- **What the task asks**
Each line of the data below that includes the string "paths" must be copied.
[Opening Raw data section]
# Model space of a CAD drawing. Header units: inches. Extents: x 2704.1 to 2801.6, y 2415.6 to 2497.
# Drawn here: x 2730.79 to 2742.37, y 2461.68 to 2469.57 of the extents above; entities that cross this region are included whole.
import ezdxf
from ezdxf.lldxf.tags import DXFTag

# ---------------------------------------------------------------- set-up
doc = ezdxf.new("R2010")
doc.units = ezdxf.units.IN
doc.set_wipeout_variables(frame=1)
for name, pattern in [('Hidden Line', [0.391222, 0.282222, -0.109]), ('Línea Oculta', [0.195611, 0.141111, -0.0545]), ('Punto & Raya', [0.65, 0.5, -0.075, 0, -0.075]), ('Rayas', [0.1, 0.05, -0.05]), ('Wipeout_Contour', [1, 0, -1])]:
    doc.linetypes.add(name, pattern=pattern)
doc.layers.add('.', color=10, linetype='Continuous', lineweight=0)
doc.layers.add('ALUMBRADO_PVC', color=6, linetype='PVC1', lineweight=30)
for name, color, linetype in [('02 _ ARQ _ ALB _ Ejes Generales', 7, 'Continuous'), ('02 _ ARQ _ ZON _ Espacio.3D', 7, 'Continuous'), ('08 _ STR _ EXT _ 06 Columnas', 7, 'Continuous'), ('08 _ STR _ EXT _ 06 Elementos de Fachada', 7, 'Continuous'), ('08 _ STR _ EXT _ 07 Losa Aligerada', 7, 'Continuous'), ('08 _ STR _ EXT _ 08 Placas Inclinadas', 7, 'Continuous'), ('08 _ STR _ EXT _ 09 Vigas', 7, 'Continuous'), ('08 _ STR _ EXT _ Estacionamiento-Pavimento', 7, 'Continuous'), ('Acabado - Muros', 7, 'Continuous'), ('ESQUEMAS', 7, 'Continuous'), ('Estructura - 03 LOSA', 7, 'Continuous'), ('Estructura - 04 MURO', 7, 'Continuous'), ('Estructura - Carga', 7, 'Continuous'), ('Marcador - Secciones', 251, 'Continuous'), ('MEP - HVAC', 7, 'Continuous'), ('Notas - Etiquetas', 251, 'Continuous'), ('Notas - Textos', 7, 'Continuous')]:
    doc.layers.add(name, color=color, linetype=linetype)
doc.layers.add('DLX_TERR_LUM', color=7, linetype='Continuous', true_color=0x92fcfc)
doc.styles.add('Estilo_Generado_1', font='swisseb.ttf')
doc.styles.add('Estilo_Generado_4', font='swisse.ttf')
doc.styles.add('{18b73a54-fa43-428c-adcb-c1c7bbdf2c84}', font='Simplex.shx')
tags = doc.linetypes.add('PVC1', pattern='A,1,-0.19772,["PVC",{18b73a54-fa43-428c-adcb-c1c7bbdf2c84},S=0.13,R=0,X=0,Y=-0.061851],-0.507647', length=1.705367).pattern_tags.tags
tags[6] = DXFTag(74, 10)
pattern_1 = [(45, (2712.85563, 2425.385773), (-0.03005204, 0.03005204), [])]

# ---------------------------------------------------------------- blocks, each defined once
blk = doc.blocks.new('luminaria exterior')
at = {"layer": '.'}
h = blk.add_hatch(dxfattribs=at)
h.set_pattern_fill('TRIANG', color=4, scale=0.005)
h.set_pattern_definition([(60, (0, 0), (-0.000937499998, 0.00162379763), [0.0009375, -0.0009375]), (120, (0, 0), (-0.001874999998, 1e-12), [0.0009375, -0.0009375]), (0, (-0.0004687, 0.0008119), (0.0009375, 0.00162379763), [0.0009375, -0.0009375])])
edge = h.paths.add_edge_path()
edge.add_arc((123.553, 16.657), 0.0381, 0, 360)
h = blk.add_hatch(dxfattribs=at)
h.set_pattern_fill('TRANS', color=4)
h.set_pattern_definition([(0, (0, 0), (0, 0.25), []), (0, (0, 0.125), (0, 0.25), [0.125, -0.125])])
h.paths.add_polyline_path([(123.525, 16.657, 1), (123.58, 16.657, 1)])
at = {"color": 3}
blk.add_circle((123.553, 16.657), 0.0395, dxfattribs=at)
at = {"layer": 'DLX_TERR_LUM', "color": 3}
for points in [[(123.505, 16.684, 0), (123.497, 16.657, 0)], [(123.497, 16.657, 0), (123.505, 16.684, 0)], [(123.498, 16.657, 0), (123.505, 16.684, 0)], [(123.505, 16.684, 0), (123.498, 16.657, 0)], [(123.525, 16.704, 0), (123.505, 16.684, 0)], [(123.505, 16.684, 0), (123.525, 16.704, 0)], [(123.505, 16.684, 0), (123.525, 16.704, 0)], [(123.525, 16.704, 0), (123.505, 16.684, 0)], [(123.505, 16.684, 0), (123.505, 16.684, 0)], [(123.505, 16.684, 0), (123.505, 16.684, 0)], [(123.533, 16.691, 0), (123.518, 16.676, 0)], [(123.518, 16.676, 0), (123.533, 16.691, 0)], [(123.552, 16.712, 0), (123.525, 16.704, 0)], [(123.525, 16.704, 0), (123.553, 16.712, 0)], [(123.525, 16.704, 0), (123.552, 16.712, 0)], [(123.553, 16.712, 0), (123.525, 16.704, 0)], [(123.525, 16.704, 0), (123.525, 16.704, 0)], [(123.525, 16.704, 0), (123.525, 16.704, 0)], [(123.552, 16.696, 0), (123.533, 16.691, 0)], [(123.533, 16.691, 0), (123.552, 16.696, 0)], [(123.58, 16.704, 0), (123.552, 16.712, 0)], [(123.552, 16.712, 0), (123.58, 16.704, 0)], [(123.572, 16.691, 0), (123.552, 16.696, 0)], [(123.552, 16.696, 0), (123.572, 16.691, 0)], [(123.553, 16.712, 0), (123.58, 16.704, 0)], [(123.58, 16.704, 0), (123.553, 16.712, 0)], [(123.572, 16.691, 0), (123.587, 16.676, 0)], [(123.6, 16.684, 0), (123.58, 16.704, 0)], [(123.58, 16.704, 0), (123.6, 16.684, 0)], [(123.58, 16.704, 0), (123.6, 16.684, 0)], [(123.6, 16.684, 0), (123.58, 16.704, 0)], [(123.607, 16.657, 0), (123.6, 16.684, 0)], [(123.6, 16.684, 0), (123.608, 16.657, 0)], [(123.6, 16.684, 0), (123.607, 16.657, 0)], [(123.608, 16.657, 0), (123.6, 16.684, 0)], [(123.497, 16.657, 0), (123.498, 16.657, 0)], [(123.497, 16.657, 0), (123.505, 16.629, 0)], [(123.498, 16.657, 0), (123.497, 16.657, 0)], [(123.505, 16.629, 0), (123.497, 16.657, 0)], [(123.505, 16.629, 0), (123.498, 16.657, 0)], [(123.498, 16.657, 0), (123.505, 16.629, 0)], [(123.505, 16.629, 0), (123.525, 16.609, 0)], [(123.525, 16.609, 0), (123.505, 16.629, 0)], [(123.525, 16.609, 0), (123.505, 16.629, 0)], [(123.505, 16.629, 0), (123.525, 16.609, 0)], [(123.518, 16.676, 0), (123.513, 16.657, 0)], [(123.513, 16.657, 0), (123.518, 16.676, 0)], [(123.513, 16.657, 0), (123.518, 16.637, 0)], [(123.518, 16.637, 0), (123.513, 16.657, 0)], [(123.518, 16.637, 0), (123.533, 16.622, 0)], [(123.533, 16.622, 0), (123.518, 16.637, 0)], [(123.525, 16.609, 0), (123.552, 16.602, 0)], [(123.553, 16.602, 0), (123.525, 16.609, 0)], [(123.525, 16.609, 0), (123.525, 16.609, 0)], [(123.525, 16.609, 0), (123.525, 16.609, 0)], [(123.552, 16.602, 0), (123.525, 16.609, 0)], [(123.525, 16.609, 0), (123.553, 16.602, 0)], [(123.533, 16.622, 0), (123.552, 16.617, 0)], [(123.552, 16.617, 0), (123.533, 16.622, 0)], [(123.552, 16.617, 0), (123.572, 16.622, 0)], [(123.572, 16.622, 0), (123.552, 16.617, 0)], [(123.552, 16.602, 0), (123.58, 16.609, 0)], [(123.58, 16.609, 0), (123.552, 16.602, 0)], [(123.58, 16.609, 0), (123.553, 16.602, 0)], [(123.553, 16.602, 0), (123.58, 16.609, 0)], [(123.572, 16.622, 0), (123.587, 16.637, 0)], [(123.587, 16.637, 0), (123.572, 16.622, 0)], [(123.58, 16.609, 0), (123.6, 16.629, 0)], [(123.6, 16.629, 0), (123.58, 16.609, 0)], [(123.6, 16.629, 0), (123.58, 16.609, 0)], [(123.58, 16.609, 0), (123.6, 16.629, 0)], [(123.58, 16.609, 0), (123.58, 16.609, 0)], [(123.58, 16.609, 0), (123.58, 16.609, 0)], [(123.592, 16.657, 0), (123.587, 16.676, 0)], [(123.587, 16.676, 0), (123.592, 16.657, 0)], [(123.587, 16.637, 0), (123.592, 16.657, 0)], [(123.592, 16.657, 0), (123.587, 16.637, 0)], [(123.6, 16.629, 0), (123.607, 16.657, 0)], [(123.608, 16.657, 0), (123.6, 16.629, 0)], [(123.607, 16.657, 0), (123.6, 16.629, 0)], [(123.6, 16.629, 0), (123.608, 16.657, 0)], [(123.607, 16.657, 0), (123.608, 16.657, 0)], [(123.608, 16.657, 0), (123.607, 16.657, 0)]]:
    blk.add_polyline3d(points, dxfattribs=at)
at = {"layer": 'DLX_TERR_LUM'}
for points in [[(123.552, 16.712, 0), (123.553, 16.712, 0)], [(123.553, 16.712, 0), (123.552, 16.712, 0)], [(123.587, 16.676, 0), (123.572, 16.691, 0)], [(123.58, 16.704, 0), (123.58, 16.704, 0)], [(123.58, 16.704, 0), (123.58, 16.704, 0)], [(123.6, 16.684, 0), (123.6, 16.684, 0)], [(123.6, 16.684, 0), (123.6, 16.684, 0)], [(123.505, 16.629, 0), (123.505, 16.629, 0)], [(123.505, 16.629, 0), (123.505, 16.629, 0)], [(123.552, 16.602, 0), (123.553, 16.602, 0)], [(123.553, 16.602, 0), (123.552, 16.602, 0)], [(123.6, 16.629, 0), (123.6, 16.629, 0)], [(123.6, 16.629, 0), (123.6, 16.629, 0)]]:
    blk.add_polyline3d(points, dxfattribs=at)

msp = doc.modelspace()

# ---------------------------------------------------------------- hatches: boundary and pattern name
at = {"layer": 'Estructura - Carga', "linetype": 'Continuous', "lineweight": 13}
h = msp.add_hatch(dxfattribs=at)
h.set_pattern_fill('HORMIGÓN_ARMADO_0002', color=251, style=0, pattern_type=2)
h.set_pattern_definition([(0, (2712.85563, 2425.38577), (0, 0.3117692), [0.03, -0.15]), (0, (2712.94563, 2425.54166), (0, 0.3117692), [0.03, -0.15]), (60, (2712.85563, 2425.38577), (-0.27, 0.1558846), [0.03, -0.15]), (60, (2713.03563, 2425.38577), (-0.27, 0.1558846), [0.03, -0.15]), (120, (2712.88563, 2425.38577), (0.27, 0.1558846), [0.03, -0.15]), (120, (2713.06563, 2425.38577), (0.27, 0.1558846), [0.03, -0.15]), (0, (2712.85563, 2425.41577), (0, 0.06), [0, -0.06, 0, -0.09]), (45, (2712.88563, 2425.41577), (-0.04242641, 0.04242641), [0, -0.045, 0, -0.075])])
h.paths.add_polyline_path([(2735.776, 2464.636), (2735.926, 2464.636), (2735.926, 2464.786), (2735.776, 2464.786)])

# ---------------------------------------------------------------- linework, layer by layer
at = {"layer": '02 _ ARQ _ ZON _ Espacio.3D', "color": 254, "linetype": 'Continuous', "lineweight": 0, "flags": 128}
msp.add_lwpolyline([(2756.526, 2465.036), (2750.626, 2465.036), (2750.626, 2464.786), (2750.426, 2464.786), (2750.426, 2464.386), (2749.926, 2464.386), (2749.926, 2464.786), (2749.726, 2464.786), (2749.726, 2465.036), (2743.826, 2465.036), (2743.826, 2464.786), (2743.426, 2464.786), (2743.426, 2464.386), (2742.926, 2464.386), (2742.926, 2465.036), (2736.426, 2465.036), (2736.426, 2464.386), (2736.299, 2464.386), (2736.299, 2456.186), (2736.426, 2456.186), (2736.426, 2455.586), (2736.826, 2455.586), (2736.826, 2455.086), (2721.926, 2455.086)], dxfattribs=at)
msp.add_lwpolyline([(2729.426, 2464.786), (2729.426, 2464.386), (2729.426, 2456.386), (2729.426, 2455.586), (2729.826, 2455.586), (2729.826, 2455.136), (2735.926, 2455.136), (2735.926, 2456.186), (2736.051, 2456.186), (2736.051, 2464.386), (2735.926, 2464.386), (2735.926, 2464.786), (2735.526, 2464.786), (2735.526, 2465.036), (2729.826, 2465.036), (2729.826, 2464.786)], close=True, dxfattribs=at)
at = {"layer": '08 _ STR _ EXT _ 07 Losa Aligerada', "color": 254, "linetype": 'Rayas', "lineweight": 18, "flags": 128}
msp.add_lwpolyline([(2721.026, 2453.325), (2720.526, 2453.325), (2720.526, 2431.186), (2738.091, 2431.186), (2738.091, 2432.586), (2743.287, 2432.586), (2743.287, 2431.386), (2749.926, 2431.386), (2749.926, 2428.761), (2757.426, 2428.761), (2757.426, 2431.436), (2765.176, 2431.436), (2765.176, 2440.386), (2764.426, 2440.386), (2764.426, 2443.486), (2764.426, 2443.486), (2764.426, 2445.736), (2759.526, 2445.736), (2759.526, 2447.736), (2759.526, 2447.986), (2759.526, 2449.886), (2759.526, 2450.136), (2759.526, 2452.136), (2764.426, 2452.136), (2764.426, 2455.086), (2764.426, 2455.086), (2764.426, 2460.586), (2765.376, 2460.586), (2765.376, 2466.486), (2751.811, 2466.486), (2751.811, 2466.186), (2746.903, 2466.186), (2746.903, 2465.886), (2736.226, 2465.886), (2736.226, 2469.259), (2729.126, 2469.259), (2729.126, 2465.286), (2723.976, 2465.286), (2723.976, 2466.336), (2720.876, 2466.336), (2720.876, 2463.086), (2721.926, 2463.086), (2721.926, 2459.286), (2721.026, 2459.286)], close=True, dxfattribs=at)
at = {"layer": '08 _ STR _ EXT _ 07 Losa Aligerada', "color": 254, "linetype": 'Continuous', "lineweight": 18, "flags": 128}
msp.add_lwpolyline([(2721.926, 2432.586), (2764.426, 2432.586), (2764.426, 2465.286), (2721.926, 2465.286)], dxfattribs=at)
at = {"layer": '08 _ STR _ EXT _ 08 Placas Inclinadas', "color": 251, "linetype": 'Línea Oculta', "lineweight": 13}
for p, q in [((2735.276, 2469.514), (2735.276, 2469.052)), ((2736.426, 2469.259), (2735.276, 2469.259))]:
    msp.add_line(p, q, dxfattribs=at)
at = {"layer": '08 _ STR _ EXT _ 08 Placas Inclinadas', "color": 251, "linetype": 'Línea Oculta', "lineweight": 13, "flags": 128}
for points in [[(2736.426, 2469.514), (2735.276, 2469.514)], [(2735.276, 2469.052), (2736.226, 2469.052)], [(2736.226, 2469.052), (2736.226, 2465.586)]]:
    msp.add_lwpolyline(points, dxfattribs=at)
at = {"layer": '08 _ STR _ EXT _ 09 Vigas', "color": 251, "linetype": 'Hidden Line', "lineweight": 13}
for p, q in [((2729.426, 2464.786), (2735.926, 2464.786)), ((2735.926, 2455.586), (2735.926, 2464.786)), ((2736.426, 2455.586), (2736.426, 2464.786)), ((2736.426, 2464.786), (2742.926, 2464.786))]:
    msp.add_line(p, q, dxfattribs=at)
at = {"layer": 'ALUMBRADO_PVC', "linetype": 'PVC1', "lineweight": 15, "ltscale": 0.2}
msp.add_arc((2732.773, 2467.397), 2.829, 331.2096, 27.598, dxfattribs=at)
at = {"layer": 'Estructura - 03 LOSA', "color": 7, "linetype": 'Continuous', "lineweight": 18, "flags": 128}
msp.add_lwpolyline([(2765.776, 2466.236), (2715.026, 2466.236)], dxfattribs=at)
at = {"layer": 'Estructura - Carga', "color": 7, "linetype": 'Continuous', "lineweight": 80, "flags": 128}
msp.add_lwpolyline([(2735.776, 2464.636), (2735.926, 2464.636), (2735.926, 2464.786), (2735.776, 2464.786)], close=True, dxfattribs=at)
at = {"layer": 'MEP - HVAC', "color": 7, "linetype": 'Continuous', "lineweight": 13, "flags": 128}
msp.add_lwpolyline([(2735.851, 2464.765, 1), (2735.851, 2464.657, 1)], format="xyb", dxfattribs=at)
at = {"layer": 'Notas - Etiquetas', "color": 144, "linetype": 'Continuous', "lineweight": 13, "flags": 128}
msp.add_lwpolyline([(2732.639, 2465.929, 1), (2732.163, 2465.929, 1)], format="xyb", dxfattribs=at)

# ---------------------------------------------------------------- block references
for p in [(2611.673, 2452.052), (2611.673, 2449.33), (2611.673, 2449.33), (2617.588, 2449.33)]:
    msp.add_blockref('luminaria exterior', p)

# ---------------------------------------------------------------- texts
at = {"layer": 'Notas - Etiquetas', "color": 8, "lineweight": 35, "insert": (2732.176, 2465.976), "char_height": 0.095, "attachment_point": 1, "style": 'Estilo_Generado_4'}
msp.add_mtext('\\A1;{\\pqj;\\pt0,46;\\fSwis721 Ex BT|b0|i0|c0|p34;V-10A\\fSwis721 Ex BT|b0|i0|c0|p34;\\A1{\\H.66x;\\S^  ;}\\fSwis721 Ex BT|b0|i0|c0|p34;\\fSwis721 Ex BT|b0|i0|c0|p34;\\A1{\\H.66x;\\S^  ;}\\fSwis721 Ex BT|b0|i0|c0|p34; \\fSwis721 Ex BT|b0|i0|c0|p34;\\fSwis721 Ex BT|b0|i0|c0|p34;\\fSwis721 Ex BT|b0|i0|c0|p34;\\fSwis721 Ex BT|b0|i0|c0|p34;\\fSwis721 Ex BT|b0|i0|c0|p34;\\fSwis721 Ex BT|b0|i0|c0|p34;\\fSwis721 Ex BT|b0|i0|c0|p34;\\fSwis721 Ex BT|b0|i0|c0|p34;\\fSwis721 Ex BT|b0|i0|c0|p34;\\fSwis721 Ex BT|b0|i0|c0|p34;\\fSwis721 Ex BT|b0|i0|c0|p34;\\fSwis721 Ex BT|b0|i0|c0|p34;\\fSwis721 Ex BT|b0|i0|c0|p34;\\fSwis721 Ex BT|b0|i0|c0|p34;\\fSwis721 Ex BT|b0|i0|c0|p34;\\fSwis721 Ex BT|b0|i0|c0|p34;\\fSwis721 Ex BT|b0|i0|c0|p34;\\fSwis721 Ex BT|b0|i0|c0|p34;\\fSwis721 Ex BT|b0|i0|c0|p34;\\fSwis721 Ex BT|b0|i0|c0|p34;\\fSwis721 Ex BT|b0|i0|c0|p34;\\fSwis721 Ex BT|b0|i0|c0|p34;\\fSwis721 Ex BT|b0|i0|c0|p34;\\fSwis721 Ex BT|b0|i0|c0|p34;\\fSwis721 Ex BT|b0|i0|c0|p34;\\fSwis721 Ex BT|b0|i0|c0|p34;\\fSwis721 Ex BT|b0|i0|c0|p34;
[Closing Raw data section]
- **Answer to the problem**
edge = h.paths.add_edge_path()
h.paths.add_polyline_path([(123.525, 16.657, 1), (123.58, 16.657, 1)])
h.paths.add_polyline_path([(2735.776, 2464.636), (2735.926, 2464.636), (2735.926, 2464.786), (2735.776, 2464.786)])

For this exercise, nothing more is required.